Снова перед нами роковое «или – или» сартровских «Грязных рук» и «Дьявола и Господа Бога». Но если для Сартра «грязные руки» – заслуживающие если не восхищения, то уважения мозолистые трудовые руки работников истории, ее «ассенизаторов и водовозов», то Камю они ужасают. Их разрушительная мощь кажется ему бесплодной, а то, что они могут построить, – опасным. Степан в «Праведных» – мститель, которого однажды подвергли истязаниям и унижению и который после перенесенного живет одной ненавистью. Честь, милосердие, добро, чистота, нежность – все это вызывает в его испепеленной душе глухое раздражение. Уверовав в дело, которому он себя посвятил без остатка, он вышелушил его сухую логику и возвел ее в культ.

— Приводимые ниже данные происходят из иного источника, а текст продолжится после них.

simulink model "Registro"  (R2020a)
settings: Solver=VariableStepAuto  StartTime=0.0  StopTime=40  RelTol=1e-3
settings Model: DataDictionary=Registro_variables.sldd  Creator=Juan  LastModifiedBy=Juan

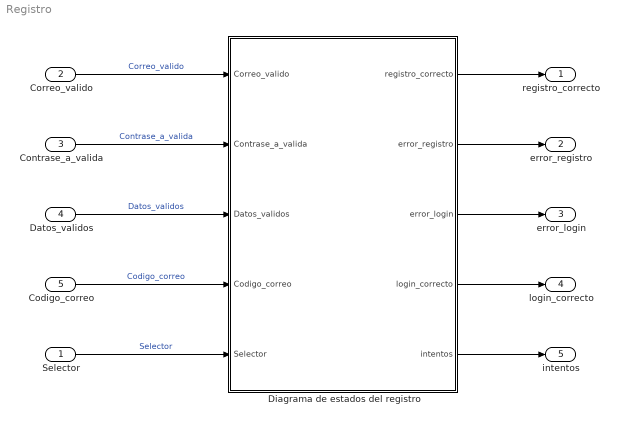
== system Registro ==
  Selector : Inport  OutMin=0  OutMax=2  OutDataTypeStr=double  PortDimensions=1
  Correo_valido : Inport  Port=2  OutMin=0  OutMax=1  OutDataTypeStr=boolean  PortDimensions=1
  Contrase_a_valida : Inport  Port=3  OutMin=0  OutMax=1  OutDataTypeStr=boolean  PortDimensions=1
  Datos_validos : Inport  Port=4  OutMin=0  OutMax=1  OutDataTypeStr=boolean  PortDimensions=1
  Codigo_correo : Inport  Port=5  OutMin=0  OutMax=1  OutDataTypeStr=boolean  PortDimensions=1
  Diagrama de estados del registro : Stateflow chart  TreatAsAtomicUnit=on
  registro_correcto : Outport  SignalName=registro_correcto  OutMin=0  OutMax=1  OutDataTypeStr=boolean  PortDimensions=1  VectorParamsAs1DForOutWhenUnconnected=off
      settings: MustResolveToSignalObject=on
  error_registro : Outport  Port=2  SignalName=error_registro  OutMin=0  OutMax=1  OutDataTypeStr=boolean  PortDimensions=1  VectorParamsAs1DForOutWhenUnconnected=off
      settings: MustResolveToSignalObject=on
  error_login : Outport  Port=3  SignalName=error_login  OutMin=0  OutMax=1  OutDataTypeStr=boolean  PortDimensions=1  VectorParamsAs1DForOutWhenUnconnected=off
      settings: MustResolveToSignalObject=on
  login_correcto : Outport  Port=4  SignalName=login_correcto  OutMin=0  OutMax=1  OutDataTypeStr=boolean  PortDimensions=1  VectorParamsAs1DForOutWhenUnconnected=off
      settings: MustResolveToSignalObject=on
  intentos : Outport  Port=5  SignalName=intentos  OutMin=0  OutMax=30  OutDataTypeStr=double  PortDimensions=1  VectorParamsAs1DForOutWhenUnconnected=off
      settings: MustResolveToSignalObject=on
  wires:
  Contrase_a_valida/1 -> Diagrama de estados del registro/2(Contrase_a_valida)  "Contrase_a_valida"
  Datos_validos/1 -> Diagrama de estados del registro/3(Datos_validos)  "Datos_validos"
  Codigo_correo/1 -> Diagrama de estados del registro/4(Codigo_correo)  "Codigo_correo"
  Diagrama de estados del registro/1(registro_correcto) -> registro_correcto/1
  Correo_valido/1 -> Diagrama de estados del registro/1(Correo_valido)  "Correo_valido"
  Selector/1 -> Diagrama de estados del registro/5(Selector)  "Selector"
  Diagrama de estados del registro/2(error_registro) -> error_registro/1
  Diagrama de estados del registro/3(error_login) -> error_login/1
  Diagrama de estados del registro/4(login_correcto) -> login_correcto/1
  Diagrama de estados del registro/5(intentos) -> intentos/1

== stateflow chart Registro/Diagrama de estados del registro ==
  state OFF
    error_login=false
    error_registro = false
    intentos = 0
    login_correcto = false
  state ERROR_LOGIN
    error_login = true
  state ERROR_REGISTRO
    error_registro = true
  state REGISTRO
    state INTRODUCIR_CORREO
      registro_correcto = false
      intentos = intentos + 1
    state REGISTRO_CORRECTO
      registro_correcto = true
    state INTRODUCIR_CONTRASE_A
      registro_correcto = false
      intentos = intentos + 1
    state ENVIAR_CORREO
      intentos = ++intentos
    state INTRODUCIR_OTROS_DATOS
      registro_correcto = false
      intentos = intentos + 1
    state VERIFICACION_DOS_PASOS
      registro_correcto = false
    (default) -> REGISTRO.INTRODUCIR_CORREO
    REGISTRO.INTRODUCIR_CORREO -> REGISTRO.INTRODUCIR_CORREO [order 2] : [~Correo_valido && intentos <= 100]
    REGISTRO.INTRODUCIR_CORREO -> REGISTRO.INTRODUCIR_CONTRASE_A [order 1] : [Correo_valido && intentos <= 100]
    REGISTRO.INTRODUCIR_CONTRASE_A -> REGISTRO.INTRODUCIR_CONTRASE_A [order 1] : [~Contrase_a_valida && intentos <=100]
    REGISTRO.ENVIAR_CORREO -> REGISTRO_CORRECTO [order 1] : [Codigo_correo && intentos<=200]
    REGISTRO.ENVIAR_CORREO -> REGISTRO.ENVIAR_CORREO [order 3] : [~Codigo_correo]
    REGISTRO.VERIFICACION_DOS_PASOS -> REGISTRO.ENVIAR_CORREO : [~Codigo_correo && intentos<=200]
    REGISTRO.INTRODUCIR_CONTRASE_A -> INTRODUCIR_OTROS_DATOS [order 2] : [Contrase_a_valida && intentos<=100]
    INTRODUCIR_OTROS_DATOS -> INTRODUCIR_OTROS_DATOS [order 1] : [~Datos_validos && intentos<=200]
    INTRODUCIR_OTROS_DATOS -> REGISTRO.VERIFICACION_DOS_PASOS [order 2] : [Datos_validos && intentos<=200]
  state LOGIN
    en:
    intentos = 0
    state LOGIN_CORRECTO
      login_correcto = true
    state INTRODUCIR_CORREO
      intentos = ++intentos
      login_correcto = false
      registro_correcto = false
    state ENVIAR_CORREO
      intentos = ++intentos
    state INTRODUCIR_CONTRASE_A
      login_correcto = false
      intentos = ++intentos
    state VERIFICACION_DOS_PASOS
      login_correcto = false
    (default) -> LOGIN.INTRODUCIR_CORREO
    LOGIN.ENVIAR_CORREO -> LOGIN_CORRECTO [order 3] : [Codigo_correo && intentos<=200]
    LOGIN.INTRODUCIR_CORREO -> LOGIN.INTRODUCIR_CORREO [order 1] : [~Correo_valido && intentos <= 200]
    LOGIN.ENVIAR_CORREO -> LOGIN.ENVIAR_CORREO [order 1] : [~Codigo_correo]
    LOGIN.INTRODUCIR_CORREO -> LOGIN.INTRODUCIR_CONTRASE_A [order 2] : [Correo_valido && intentos <= 200]
    LOGIN.VERIFICACION_DOS_PASOS -> LOGIN.ENVIAR_CORREO : [~Codigo_correo && intentos<=200]
    LOGIN.INTRODUCIR_CONTRASE_A -> LOGIN.INTRODUCIR_CONTRASE_A [order 1] : [~Contrase_a_valida && intentos<=500]
    LOGIN.INTRODUCIR_CONTRASE_A -> LOGIN.VERIFICACION_DOS_PASOS [order 3] : [Contrase_a_valida && intentos<=200]
  (default) -> OFF
  LOGIN_CORRECTO -> OFF : [login_correcto]
  OFF -> REGISTRO [order 1] : [Selector==1]
  OFF -> OFF [order 3] : [Selector==0]
  LOGIN.ENVIAR_CORREO -> ERROR_LOGIN [order 2] : [intentos>200]
  LOGIN.INTRODUCIR_CONTRASE_A -> ERROR_LOGIN [order 2] : [intentos>200]
  REGISTRO_CORRECTO -> OFF : [registro_correcto]
  OFF -> LOGIN [order 2] : [Selector == 2]
  REGISTRO.ENVIAR_CORREO -> ERROR_REGISTRO [order 2] : [intentos>100]
  LOGIN.INTRODUCIR_CORREO -> ERROR_LOGIN [order 3] : [intentos>200]
  INTRODUCIR_OTROS_DATOS -> ERROR_REGISTRO [order 3] : [intentos>200]
  REGISTRO.INTRODUCIR_CONTRASE_A -> ERROR_REGISTRO [order 3] : [intentos>100]
  REGISTRO.INTRODUCIR_CORREO -> ERROR_REGISTRO [order 3] : [intentos > 100]
  data: Correo_valido input; Contrase_a_valida input; Datos_validos input; Codigo_correo input; registro_correcto output; Selector input; error_registro output; error_login output; login_correcto output; intentos output int64

И нет границ, которых бы он не перешагнул в своем неистовом служении. «Ничто не запрещено из того, что может послужить нашему делу» (I, 319). Дисциплина для этого подвижника террора – слепое повиновение, благородство излишне, а то и подозрительно, личные привязанности – сплошная помеха, правда допустима постольку, поскольку выгодна, но вполне подходяща и ложь, если от нее больше пользы. Сам себя Степан обратил в робота, настроенного на одну-единственную волну, и был бы не прочь сделать такими же своих товарищей.